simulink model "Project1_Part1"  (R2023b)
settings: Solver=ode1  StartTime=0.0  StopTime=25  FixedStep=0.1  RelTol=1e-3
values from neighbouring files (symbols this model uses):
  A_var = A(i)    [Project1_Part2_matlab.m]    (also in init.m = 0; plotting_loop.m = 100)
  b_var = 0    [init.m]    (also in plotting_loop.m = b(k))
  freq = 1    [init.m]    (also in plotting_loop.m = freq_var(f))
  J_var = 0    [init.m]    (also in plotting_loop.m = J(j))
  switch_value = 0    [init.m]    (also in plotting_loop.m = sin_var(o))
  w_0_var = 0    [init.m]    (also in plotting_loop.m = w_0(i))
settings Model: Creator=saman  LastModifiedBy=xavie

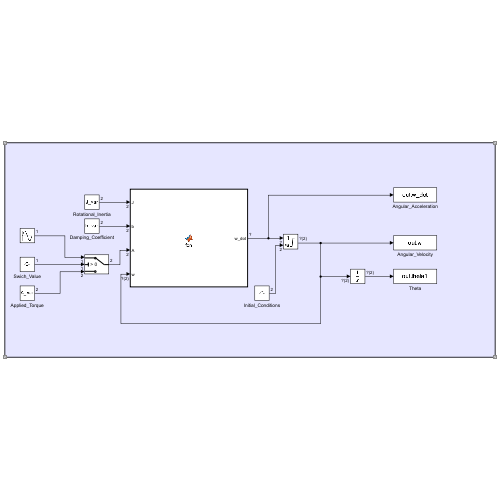
[thumbnail: Simulink's stored preview of the top-level diagram]
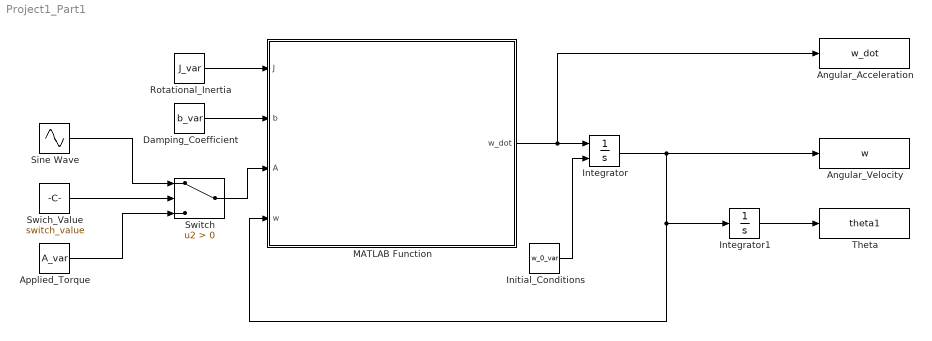
== system Project1_Part1 ==
  Angular_Acceleration : ToWorkspace  VariableName=w_dot  SaveFormat=Timeseries  SampleTime=-1
  Angular_Velocity : ToWorkspace  VariableName=w  SaveFormat=Timeseries  SampleTime=-1
  Applied_Torque : Constant  Value=A_var
  Damping_Coefficient : Constant  Value=b_var
  Initial_Conditions : Constant  Value=w_0_var
  Integrator : Integrator  InitialConditionSource=external  LimitOutput=on  UpperSaturationLimit=10000  LowerSaturationLimit=0
  Integrator1 : Integrator
  MATLAB Function : MATLAB Function  TreatAsAtomicUnit=on
  Rotational_Inertia : Constant  Value=J_var
  Sine Wave : Sin  Amplitude=A_var  Frequency=freq  SampleTime=0
  Swich_Value : Constant  Value=switch_value
  Switch : Switch  Criteria=u2 > Threshold  SaturateOnIntegerOverflow=off  InputSameDT=off
  Theta : ToWorkspace  VariableName=theta1  SaveFormat=Timeseries  SampleTime=-1
  wires:
  Rotational_Inertia/1 -> MATLAB Function/1(J)
  Damping_Coefficient/1 -> MATLAB Function/2(b)
  MATLAB Function/1(w_dot) -> Angular_Acceleration/1, Integrator/1
  Initial_Conditions/1 -> Integrator/2
  Integrator/1 -> Angular_Velocity/1, Integrator1/1, MATLAB Function/4(w)
  Integrator1/1 -> Theta/1
  Applied_Torque/1 -> Switch/3
  Swich_Value/1 -> Switch/2
  Sine Wave/1 -> Switch/1
  Switch/1 -> MATLAB Function/3(A)

== matlab function Project1_Part1/MATLAB Function ==
  data: J input; w_dot output; b input; A input; w input
function w_dot = fcn(J, b, A,w)
tau_damped = b * w;
w_dot = (1/J)*(A-tau_damped);
end

WHAT THE TASK REQUIRES => Write out again exactly the lines that run from the one holding "Integrator/1 -> Angular_Velocity/1, Integrator1/1, MATLAB" through the last line of the data; omit all other lines.

RESPONSE BELOW =>
  Integrator/1 -> Angular_Velocity/1, Integrator1/1, MATLAB Function/4(w)
  Integrator1/1 -> Theta/1
  Applied_Torque/1 -> Switch/3
  Swich_Value/1 -> Switch/2
  Sine Wave/1 -> Switch/1
  Switch/1 -> MATLAB Function/3(A)

== matlab function Project1_Part1/MATLAB Function ==
  data: J input; w_dot output; b input; A input; w input
function w_dot = fcn(J, b, A,w)
tau_damped = b * w;
w_dot = (1/J)*(A-tau_damped);
end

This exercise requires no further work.